# ddclient using interface

## ufayzull

i'm posting this to see if other people have the same issue with ddclient and if the solution i used is good. i could not get /etc/init.d/ddclient to work properly. it worked when i ran it as root, but never from the init.d, it just silently didn't update my ip. so to find out what is going on i changed ddclient line in passwd to be able to su into it and run the command manually with my config options i chose:

```

# su ddclient

$ /usr/sbin/ddclient -daemon=0  -use=if -if=ppp0 -verbose

sh: line 1:  6422 Segmentation fault      ifconfig ppp0 2> /dev/null

WARNING:  unable to determine IP address

```

so it seems like something wrong at the ifconfig line. still as ddclient user:

```

$ /sbin/ifconfig

Warning: cannot open /proc/net/dev (No such file or directory). Limited output.

$ ls -l /proc/net/*

ls: cannot access /proc/net/*: No such file or directory

```

now, as root:

```

 # ls -l /proc/net/dev

-r--r--r-- 1 root wheel 0 Oct  1 19:15 /proc/net/dev

```

so it seems like group 'wheel' has access to it. i added ddclient to wheel (is it a good thing to do?). after that it seems to work fine using ddclient:

```

$ /usr/sbin/ddclient -daemon=0 -use=if -if=ppp0 -verbose

INFO:     setting IP address to .............

```

no segmentation faults. is this a bug, and if it is, is it an ebuild bug or ddclient bug?

----------

## geki

well, as soon as ddclient has access to the resources it needs, it runs.
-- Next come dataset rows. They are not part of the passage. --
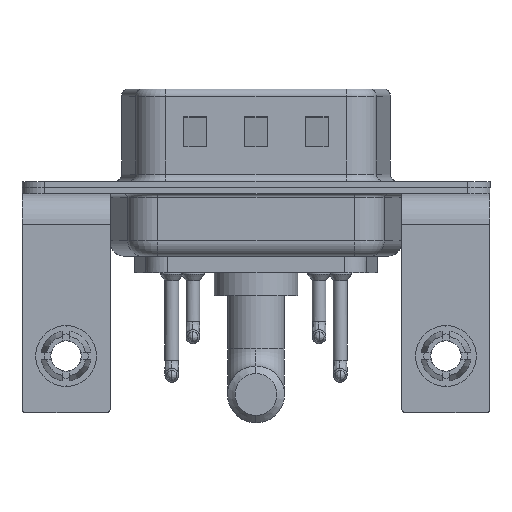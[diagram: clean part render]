
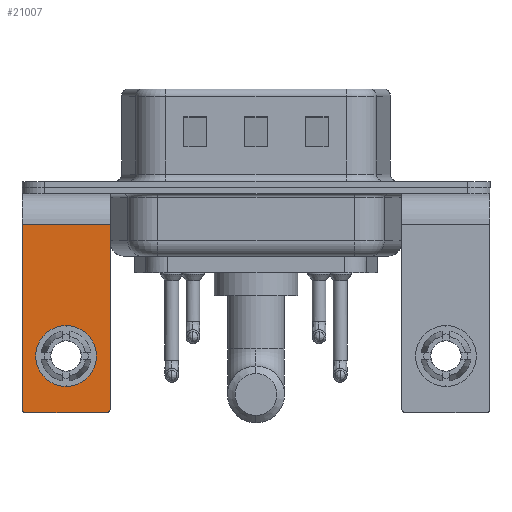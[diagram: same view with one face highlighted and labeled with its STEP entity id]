
A CAD part, front view. The second image highlights one B-rep face of the part: STEP entity #21007.
In plain terms, the highlighted planar face has unit normal (0, -1, 0).
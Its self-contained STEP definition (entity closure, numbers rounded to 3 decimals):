
#32 = AXIS2_PLACEMENT_3D ( 'NONE', #19515, #2763, #16202 ) ;
#151 = VECTOR ( 'NONE', #16326, 1000. ) ;
#202 = CARTESIAN_POINT ( 'NONE',  ( -2.9, -6.25, -14.55 ) ) ;
#310 = LINE ( 'NONE', #3503, #9824 ) ;
#477 = ORIENTED_EDGE ( 'NONE', *, *, #10059, .T. ) ;
#803 = AXIS2_PLACEMENT_3D ( 'NONE', #15444, #16901, #13460 ) ;
#932 = AXIS2_PLACEMENT_3D ( 'NONE', #14215, #17646, #21076 ) ;
#1299 = VECTOR ( 'NONE', #18534, 1000. ) ;
#1577 = EDGE_CURVE ( 'NONE', #8963, #13987, #2457, .T. ) ;
#1770 = EDGE_CURVE ( 'NONE', #19063, #13987, #10753, .T. ) ;
#1772 = LINE ( 'NONE', #20181, #1299 ) ;
#1901 = FACE_BOUND ( 'NONE', #21230, .T. ) ;
#2457 = LINE ( 'NONE', #4125, #151 ) ;
#2709 = AXIS2_PLACEMENT_3D ( 'NONE', #15509, #12292, #3526 ) ;
#2763 = DIRECTION ( 'NONE',  ( 0., 1., 0. ) ) ;
#2893 = DIRECTION ( 'NONE',  ( 0., -1., 0. ) ) ;
#3503 = CARTESIAN_POINT ( 'NONE',  ( 2.9, -6.25, -2.4 ) ) ;
#3526 = DIRECTION ( 'NONE',  ( 0., 0., 1. ) ) ;
#3788 = CARTESIAN_POINT ( 'NONE',  ( 0., -6.25, -13.07 ) ) ;
#4125 = CARTESIAN_POINT ( 'NONE',  ( 2.9, -6.25, -14.8 ) ) ;
#4407 = ORIENTED_EDGE ( 'NONE', *, *, #19667, .T. ) ;
#4478 = VERTEX_POINT ( 'NONE', #3788 ) ;
#4558 = CARTESIAN_POINT ( 'NONE',  ( -2.65, -6.25, -14.55 ) ) ;
#6550 = DIRECTION ( 'NONE',  ( 0., 0., 1. ) ) ;
#6686 = FACE_OUTER_BOUND ( 'NONE', #21616, .T. ) ;
#8583 = CARTESIAN_POINT ( 'NONE',  ( 0., -6.25, -9.07 ) ) ;
#8963 = VERTEX_POINT ( 'NONE', #21270 ) ;
#9440 = CIRCLE ( 'NONE', #2709, 2. ) ;
#9824 = VECTOR ( 'NONE', #13822, 1000. ) ;
#10059 = EDGE_CURVE ( 'NONE', #17166, #19063, #15921, .T. ) ;
#10211 = EDGE_CURVE ( 'NONE', #18417, #12773, #1772, .T. ) ;
#10753 = CIRCLE ( 'NONE', #12184, 0.25 ) ;
#11545 = CIRCLE ( 'NONE', #932, 0.25 ) ;
#11971 = ORIENTED_EDGE ( 'NONE', *, *, #12825, .T. ) ;
#12184 = AXIS2_PLACEMENT_3D ( 'NONE', #4558, #2893, #6550 ) ;
#12292 = DIRECTION ( 'NONE',  ( 0., 1., 0. ) ) ;
#12773 = VERTEX_POINT ( 'NONE', #17002 ) ;
#12825 = EDGE_CURVE ( 'NONE', #8963, #12773, #11545, .T. ) ;
#12895 = CARTESIAN_POINT ( 'NONE',  ( 2.9, -6.25, -2.4 ) ) ;
#13326 = ORIENTED_EDGE ( 'NONE', *, *, #1770, .T. ) ;
#13460 = DIRECTION ( 'NONE',  ( 0., 0., 1. ) ) ;
#13721 = EDGE_CURVE ( 'NONE', #14670, #4478, #9440, .T. ) ;
#13822 = DIRECTION ( 'NONE',  ( -1., 0., 0. ) ) ;
#13987 = VERTEX_POINT ( 'NONE', #14712 ) ;
#14157 = EDGE_CURVE ( 'NONE', #18417, #17166, #310, .T. ) ;
#14215 = CARTESIAN_POINT ( 'NONE',  ( 2.65, -6.25, -14.55 ) ) ;
#14670 = VERTEX_POINT ( 'NONE', #8583 ) ;
#14712 = CARTESIAN_POINT ( 'NONE',  ( -2.65, -6.25, -14.8 ) ) ;
#15444 = CARTESIAN_POINT ( 'NONE',  ( 2.9, -6.25, -2.4 ) ) ;
#15509 = CARTESIAN_POINT ( 'NONE',  ( 0., -6.25, -11.07 ) ) ;
#15921 = LINE ( 'NONE', #17801, #16874 ) ;
#16202 = DIRECTION ( 'NONE',  ( 0., 0., 1. ) ) ;
#16326 = DIRECTION ( 'NONE',  ( -1., 0., 0. ) ) ;
#16874 = VECTOR ( 'NONE', #19128, 1000. ) ;
#16901 = DIRECTION ( 'NONE',  ( 0., 1., 0. ) ) ;
#17002 = CARTESIAN_POINT ( 'NONE',  ( 2.9, -6.25, -14.55 ) ) ;
#17166 = VERTEX_POINT ( 'NONE', #18036 ) ;
#17362 = CIRCLE ( 'NONE', #32, 2. ) ;
#17555 = ORIENTED_EDGE ( 'NONE', *, *, #10211, .F. ) ;
#17646 = DIRECTION ( 'NONE',  ( 0., -1., 0. ) ) ;
#17801 = CARTESIAN_POINT ( 'NONE',  ( -2.9, -6.25, -2.4 ) ) ;
#18036 = CARTESIAN_POINT ( 'NONE',  ( -2.9, -6.25, -2.4 ) ) ;
#18417 = VERTEX_POINT ( 'NONE', #12895 ) ;
#18534 = DIRECTION ( 'NONE',  ( 0., 0., -1. ) ) ;
#19034 = ORIENTED_EDGE ( 'NONE', *, *, #13721, .T. ) ;
#19063 = VERTEX_POINT ( 'NONE', #202 ) ;
#19128 = DIRECTION ( 'NONE',  ( 0., 0., -1. ) ) ;
#19515 = CARTESIAN_POINT ( 'NONE',  ( 0., -6.25, -11.07 ) ) ;
#19667 = EDGE_CURVE ( 'NONE', #4478, #14670, #17362, .T. ) ;
#20111 = PLANE ( 'NONE',  #803 ) ;
#20181 = CARTESIAN_POINT ( 'NONE',  ( 2.9, -6.25, -2.4 ) ) ;
#20280 = ORIENTED_EDGE ( 'NONE', *, *, #14157, .T. ) ;
#21007 = ADVANCED_FACE ( 'NONE', ( #1901, #6686 ), #20111, .F. ) ;
#21076 = DIRECTION ( 'NONE',  ( 0., 0., 1. ) ) ;
#21230 = EDGE_LOOP ( 'NONE', ( #4407, #19034 ) ) ;
#21270 = CARTESIAN_POINT ( 'NONE',  ( 2.65, -6.25, -14.8 ) ) ;
#21616 = EDGE_LOOP ( 'NONE', ( #477, #13326, #21753, #11971, #17555, #20280 ) ) ;
#21753 = ORIENTED_EDGE ( 'NONE', *, *, #1577, .F. ) ;

so, ddclient should be added to some group via ebuild, to have access.

=> ebuild bug

----------

## PaulBredbury

 *ufayzull wrote:*   

> $ ls -l /proc/net/*
> 
> ls: cannot access /proc/net/*: No such file or directory

 

Your /proc/net setup sounds bad. Does "ifconfig ppp0" work as a normal user? Because it should.

If you're seeing "Segmentation fault", it's not clear what's segfaulting. ddclient is perl code, so if your perl is segfaulting, that's another issue with your config.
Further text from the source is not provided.